▸ Exercise requirements
Your answer must hold only the lines below from the line containing "Kinematicc Controller2 : Controllers/Kinematicc" through the line containing "To Workspace4 : ToWorkspace", each reproduced exactly.

▸ Working data
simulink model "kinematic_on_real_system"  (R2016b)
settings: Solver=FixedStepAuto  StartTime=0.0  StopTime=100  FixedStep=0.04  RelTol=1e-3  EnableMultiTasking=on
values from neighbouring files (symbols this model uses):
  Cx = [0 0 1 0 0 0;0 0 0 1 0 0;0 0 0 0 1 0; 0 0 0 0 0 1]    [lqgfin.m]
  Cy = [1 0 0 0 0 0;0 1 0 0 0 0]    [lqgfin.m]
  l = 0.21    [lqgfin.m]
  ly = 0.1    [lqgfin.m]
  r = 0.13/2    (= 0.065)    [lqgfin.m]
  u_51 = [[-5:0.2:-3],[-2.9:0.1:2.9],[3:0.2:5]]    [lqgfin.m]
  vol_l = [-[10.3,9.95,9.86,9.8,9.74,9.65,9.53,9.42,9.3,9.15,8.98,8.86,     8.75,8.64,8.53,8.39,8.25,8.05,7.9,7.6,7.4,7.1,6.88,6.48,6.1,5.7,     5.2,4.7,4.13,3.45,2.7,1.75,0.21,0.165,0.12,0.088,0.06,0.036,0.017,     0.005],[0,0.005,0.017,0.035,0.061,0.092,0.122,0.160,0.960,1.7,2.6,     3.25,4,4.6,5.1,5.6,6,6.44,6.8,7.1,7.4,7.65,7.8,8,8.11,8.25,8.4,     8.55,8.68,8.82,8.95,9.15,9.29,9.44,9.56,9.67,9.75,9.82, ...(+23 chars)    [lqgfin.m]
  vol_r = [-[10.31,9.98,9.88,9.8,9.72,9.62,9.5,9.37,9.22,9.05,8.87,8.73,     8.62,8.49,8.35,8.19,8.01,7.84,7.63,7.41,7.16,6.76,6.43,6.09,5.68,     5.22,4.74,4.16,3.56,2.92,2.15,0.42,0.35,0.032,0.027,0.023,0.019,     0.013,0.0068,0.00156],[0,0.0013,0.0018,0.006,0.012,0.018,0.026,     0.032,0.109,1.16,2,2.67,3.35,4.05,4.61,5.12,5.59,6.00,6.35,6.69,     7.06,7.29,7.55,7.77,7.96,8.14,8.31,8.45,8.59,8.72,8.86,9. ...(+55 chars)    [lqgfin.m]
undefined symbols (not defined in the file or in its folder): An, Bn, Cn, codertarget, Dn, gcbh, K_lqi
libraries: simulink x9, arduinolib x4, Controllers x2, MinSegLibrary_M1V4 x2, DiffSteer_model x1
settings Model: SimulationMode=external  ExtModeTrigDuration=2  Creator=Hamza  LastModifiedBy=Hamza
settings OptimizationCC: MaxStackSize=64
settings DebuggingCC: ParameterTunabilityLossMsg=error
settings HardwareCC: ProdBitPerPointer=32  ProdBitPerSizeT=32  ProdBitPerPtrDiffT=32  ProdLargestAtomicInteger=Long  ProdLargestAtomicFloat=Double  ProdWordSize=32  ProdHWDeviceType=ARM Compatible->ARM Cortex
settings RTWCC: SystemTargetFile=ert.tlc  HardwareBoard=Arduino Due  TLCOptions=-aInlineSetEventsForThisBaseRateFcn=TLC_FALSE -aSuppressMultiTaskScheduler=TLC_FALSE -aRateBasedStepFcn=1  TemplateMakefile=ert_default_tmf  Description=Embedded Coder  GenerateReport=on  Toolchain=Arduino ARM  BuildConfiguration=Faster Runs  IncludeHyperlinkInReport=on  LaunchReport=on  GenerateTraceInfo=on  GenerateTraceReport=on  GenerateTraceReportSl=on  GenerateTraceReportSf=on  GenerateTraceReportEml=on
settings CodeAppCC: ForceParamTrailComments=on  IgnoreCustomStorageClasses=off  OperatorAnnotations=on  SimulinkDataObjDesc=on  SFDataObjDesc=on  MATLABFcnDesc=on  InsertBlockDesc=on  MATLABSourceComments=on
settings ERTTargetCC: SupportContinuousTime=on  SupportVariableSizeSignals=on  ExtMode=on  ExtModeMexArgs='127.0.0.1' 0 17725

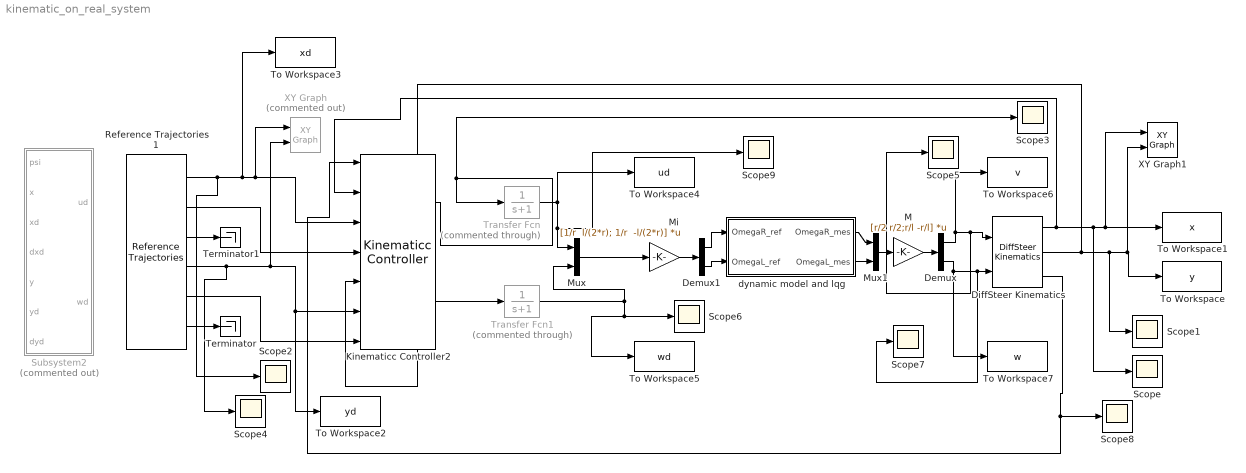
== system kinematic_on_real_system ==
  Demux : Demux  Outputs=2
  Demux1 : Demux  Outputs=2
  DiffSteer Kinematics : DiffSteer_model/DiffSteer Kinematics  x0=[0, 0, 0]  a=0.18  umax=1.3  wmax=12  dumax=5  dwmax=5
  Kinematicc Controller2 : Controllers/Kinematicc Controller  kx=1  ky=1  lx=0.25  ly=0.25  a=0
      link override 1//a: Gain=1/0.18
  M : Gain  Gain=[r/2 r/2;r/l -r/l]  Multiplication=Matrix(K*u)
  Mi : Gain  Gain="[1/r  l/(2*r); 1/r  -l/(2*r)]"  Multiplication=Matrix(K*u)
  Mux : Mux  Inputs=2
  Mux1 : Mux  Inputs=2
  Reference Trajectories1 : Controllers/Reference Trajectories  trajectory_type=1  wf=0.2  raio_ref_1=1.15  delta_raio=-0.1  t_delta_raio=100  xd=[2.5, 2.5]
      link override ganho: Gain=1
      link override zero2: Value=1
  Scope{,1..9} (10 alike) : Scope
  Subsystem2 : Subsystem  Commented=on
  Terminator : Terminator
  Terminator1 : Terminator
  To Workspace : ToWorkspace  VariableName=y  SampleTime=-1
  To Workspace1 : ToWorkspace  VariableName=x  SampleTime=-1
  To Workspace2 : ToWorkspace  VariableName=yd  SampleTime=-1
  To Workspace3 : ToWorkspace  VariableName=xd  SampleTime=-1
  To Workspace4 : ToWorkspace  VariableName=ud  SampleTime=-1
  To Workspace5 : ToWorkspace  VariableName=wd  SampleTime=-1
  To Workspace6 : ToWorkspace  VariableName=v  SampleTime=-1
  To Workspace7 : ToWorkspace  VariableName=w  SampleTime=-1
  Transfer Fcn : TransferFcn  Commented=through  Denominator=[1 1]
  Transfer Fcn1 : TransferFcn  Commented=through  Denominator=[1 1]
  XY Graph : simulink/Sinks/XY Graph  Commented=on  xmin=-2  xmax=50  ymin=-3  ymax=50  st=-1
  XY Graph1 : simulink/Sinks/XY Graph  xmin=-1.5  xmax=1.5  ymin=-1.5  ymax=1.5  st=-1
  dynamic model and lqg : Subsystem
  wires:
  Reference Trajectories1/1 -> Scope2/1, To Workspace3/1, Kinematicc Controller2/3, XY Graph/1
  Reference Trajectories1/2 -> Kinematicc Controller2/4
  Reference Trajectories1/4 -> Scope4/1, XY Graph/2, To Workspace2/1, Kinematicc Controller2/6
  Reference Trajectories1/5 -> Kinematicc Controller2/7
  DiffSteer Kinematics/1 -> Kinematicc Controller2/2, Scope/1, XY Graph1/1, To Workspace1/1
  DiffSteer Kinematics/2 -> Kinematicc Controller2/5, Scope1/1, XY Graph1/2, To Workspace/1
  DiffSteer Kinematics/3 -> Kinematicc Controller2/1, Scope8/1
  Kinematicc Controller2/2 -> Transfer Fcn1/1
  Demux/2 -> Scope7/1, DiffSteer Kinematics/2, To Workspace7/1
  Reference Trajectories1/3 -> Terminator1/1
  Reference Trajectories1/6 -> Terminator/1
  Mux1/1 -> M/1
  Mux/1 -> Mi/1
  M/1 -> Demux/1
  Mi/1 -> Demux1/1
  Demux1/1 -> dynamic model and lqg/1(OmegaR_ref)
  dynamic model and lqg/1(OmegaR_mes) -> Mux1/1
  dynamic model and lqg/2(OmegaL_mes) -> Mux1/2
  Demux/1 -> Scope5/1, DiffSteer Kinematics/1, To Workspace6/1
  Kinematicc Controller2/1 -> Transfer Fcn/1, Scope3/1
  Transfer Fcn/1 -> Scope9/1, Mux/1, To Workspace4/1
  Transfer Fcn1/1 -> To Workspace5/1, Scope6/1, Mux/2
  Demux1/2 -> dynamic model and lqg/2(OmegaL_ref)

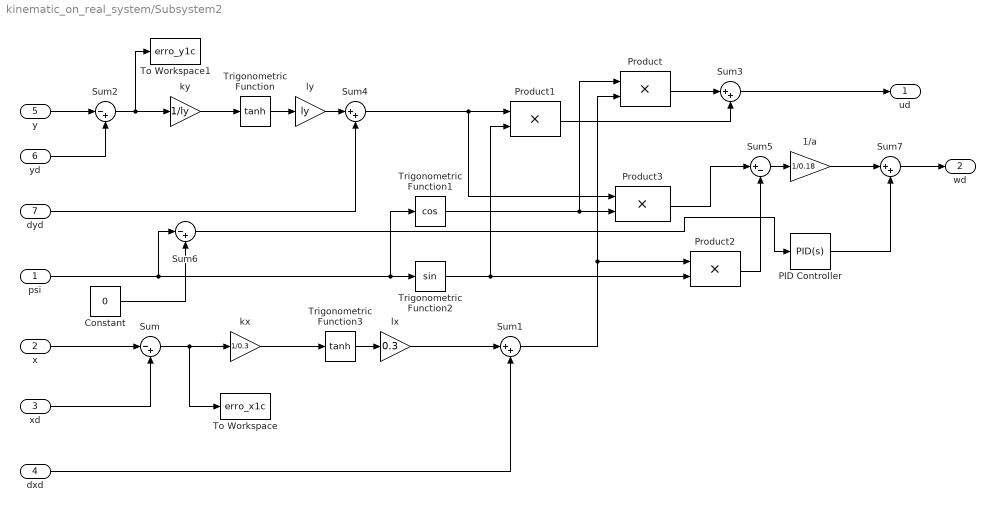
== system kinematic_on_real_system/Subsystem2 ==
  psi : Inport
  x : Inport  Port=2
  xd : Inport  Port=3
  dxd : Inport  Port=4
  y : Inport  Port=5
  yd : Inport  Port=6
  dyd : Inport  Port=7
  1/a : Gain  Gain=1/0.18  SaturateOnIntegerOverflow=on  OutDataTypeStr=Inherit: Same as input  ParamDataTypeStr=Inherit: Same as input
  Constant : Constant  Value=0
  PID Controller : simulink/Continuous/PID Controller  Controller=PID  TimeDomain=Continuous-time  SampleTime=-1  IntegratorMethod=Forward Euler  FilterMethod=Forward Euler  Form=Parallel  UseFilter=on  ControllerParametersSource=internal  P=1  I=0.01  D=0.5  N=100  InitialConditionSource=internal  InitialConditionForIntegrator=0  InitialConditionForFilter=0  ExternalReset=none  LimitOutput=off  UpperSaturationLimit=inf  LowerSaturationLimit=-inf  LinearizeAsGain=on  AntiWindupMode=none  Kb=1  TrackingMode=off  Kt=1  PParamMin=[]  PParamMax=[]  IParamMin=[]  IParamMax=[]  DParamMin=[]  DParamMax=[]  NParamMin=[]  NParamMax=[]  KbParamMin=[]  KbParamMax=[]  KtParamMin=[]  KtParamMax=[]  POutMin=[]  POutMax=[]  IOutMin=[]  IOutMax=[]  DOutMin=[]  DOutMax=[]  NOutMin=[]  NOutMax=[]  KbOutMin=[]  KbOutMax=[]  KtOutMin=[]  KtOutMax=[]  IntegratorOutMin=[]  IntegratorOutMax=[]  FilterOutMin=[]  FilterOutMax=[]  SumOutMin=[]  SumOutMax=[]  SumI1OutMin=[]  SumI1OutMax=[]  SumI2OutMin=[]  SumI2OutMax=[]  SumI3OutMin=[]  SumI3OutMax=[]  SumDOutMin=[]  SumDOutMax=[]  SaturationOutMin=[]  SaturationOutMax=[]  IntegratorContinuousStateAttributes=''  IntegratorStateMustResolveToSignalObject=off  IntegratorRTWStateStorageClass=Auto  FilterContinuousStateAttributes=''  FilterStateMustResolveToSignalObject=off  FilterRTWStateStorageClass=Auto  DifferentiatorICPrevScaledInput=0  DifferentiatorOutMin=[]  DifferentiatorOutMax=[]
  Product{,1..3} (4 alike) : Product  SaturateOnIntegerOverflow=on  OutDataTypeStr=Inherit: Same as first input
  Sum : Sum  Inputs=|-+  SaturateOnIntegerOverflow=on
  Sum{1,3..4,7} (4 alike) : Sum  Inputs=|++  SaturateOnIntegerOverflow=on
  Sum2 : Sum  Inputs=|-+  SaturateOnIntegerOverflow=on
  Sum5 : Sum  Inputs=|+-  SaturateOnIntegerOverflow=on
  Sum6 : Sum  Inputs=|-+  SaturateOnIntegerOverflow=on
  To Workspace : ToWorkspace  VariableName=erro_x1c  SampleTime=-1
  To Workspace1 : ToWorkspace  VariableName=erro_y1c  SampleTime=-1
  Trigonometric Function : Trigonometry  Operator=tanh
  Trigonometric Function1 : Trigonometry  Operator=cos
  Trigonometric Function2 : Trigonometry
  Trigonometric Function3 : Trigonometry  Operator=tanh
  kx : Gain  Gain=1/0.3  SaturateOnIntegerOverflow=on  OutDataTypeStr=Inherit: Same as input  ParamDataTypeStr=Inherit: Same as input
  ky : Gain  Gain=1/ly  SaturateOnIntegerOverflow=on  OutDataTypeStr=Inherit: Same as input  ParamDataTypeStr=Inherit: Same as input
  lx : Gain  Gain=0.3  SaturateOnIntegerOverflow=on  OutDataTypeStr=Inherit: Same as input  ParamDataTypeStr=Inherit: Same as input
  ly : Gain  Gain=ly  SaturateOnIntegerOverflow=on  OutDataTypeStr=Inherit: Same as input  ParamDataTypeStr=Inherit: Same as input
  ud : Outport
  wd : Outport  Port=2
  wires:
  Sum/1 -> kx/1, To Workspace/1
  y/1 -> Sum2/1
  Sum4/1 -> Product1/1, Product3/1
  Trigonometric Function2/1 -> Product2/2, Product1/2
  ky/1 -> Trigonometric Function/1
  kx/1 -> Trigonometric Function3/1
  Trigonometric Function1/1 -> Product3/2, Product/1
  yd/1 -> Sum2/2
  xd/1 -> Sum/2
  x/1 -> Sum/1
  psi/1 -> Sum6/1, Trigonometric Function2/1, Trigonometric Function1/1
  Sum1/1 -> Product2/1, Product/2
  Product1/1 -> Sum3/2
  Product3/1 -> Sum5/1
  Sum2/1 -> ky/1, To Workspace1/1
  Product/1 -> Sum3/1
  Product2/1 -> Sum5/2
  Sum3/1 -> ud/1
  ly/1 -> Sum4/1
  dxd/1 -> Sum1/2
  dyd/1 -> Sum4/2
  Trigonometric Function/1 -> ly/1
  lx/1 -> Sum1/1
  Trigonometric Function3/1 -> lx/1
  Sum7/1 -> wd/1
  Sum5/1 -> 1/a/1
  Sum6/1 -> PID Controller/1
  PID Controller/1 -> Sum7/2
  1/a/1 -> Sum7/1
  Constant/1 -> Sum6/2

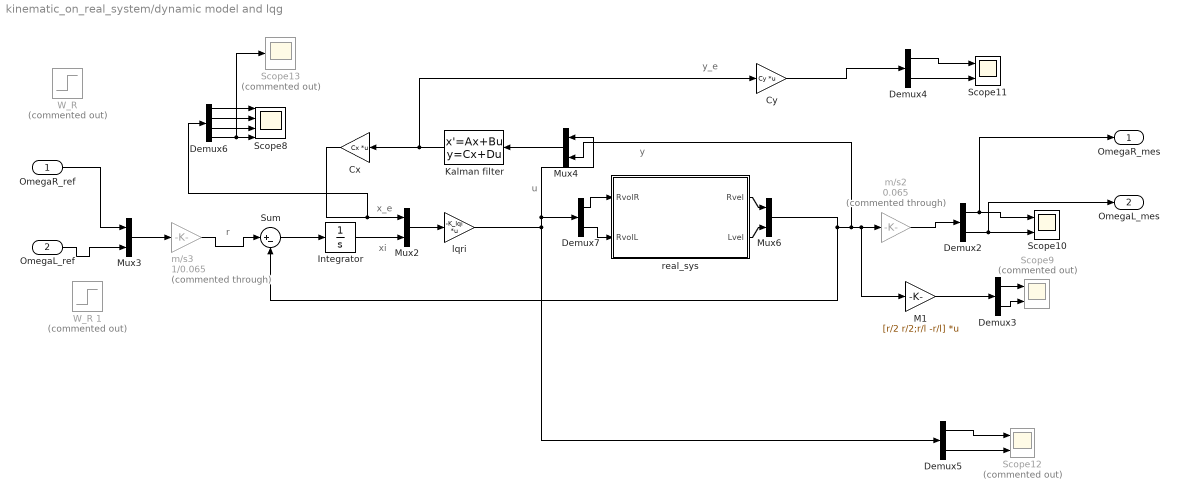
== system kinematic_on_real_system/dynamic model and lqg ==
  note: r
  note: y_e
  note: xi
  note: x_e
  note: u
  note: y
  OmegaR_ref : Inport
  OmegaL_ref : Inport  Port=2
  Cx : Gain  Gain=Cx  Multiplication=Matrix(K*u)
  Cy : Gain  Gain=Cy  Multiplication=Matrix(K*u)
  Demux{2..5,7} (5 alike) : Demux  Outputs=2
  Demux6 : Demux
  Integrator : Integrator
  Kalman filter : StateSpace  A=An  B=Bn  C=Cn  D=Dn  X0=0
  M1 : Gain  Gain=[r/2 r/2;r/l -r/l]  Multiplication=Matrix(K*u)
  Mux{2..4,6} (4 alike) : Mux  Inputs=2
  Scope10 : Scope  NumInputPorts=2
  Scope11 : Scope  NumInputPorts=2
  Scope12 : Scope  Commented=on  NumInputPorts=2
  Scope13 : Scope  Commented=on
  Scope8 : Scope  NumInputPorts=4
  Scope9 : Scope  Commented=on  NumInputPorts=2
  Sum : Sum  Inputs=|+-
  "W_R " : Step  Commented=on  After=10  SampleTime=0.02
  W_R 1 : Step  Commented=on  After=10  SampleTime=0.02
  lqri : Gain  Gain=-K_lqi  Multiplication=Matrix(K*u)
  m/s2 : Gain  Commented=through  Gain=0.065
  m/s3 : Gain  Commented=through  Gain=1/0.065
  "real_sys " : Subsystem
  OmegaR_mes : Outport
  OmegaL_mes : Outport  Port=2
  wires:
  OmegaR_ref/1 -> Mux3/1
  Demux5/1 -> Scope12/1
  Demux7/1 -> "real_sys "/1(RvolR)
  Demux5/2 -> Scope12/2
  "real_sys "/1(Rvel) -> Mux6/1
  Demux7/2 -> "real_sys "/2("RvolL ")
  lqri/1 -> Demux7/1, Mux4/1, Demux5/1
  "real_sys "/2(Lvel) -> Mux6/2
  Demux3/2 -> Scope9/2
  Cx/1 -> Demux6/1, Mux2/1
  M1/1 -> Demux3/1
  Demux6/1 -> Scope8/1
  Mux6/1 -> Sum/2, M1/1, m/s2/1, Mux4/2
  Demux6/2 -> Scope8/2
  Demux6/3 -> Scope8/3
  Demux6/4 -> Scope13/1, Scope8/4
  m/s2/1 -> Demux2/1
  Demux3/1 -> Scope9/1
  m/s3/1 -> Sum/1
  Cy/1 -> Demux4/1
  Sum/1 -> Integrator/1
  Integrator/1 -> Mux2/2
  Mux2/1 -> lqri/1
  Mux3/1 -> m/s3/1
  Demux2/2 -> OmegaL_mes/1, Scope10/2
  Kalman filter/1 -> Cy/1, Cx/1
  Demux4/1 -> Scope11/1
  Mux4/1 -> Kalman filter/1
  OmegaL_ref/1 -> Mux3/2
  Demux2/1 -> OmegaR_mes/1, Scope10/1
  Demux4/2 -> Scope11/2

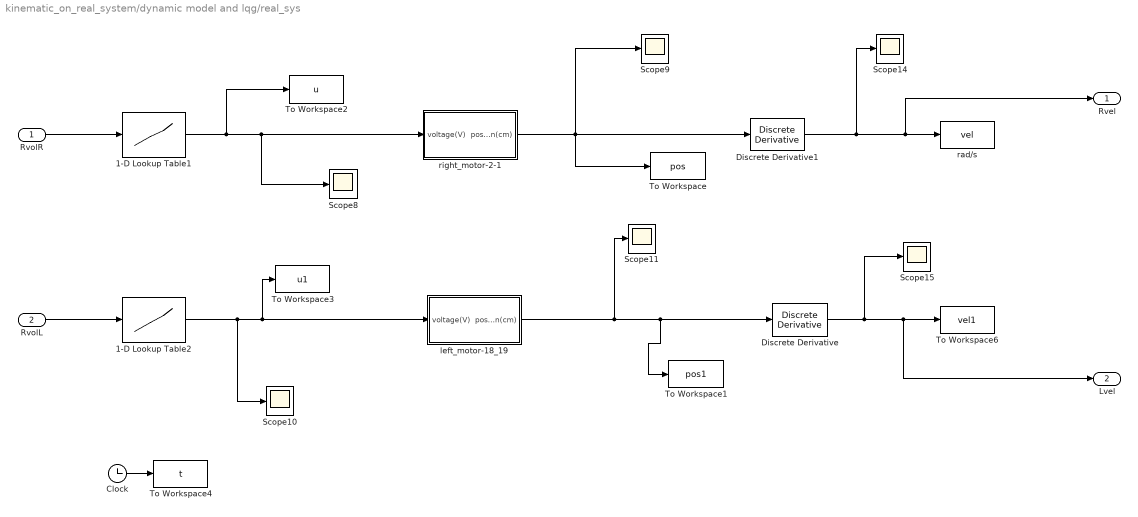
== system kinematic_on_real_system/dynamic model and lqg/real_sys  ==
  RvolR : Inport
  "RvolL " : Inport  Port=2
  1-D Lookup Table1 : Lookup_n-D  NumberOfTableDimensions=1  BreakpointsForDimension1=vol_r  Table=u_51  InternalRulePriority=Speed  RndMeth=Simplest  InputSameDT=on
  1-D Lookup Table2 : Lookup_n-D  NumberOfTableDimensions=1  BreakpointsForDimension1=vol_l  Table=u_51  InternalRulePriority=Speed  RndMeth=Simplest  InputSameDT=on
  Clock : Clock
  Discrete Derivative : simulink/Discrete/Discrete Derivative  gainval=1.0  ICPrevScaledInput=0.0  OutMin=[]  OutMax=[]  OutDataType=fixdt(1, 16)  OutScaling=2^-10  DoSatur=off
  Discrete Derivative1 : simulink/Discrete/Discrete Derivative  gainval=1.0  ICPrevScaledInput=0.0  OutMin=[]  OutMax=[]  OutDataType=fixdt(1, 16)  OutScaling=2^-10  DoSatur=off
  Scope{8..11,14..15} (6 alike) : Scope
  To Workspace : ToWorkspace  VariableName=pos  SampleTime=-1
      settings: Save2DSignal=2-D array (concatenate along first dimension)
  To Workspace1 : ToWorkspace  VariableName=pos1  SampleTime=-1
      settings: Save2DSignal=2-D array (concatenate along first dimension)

▸ Answer to this problem
  Kinematicc Controller2 : Controllers/Kinematicc Controller  kx=1  ky=1  lx=0.25  ly=0.25  a=0
      link override 1//a: Gain=1/0.18
  M : Gain  Gain=[r/2 r/2;r/l -r/l]  Multiplication=Matrix(K*u)
  Mi : Gain  Gain="[1/r  l/(2*r); 1/r  -l/(2*r)]"  Multiplication=Matrix(K*u)
  Mux : Mux  Inputs=2
  Mux1 : Mux  Inputs=2
  Reference Trajectories1 : Controllers/Reference Trajectories  trajectory_type=1  wf=0.2  raio_ref_1=1.15  delta_raio=-0.1  t_delta_raio=100  xd=[2.5, 2.5]
      link override ganho: Gain=1
      link override zero2: Value=1
  Scope{,1..9} (10 alike) : Scope
  Subsystem2 : Subsystem  Commented=on
  Terminator : Terminator
  Terminator1 : Terminator
  To Workspace : ToWorkspace  VariableName=y  SampleTime=-1
  To Workspace1 : ToWorkspace  VariableName=x  SampleTime=-1
  To Workspace2 : ToWorkspace  VariableName=yd  SampleTime=-1
  To Workspace3 : ToWorkspace  VariableName=xd  SampleTime=-1
  To Workspace4 : ToWorkspace  VariableName=ud  SampleTime=-1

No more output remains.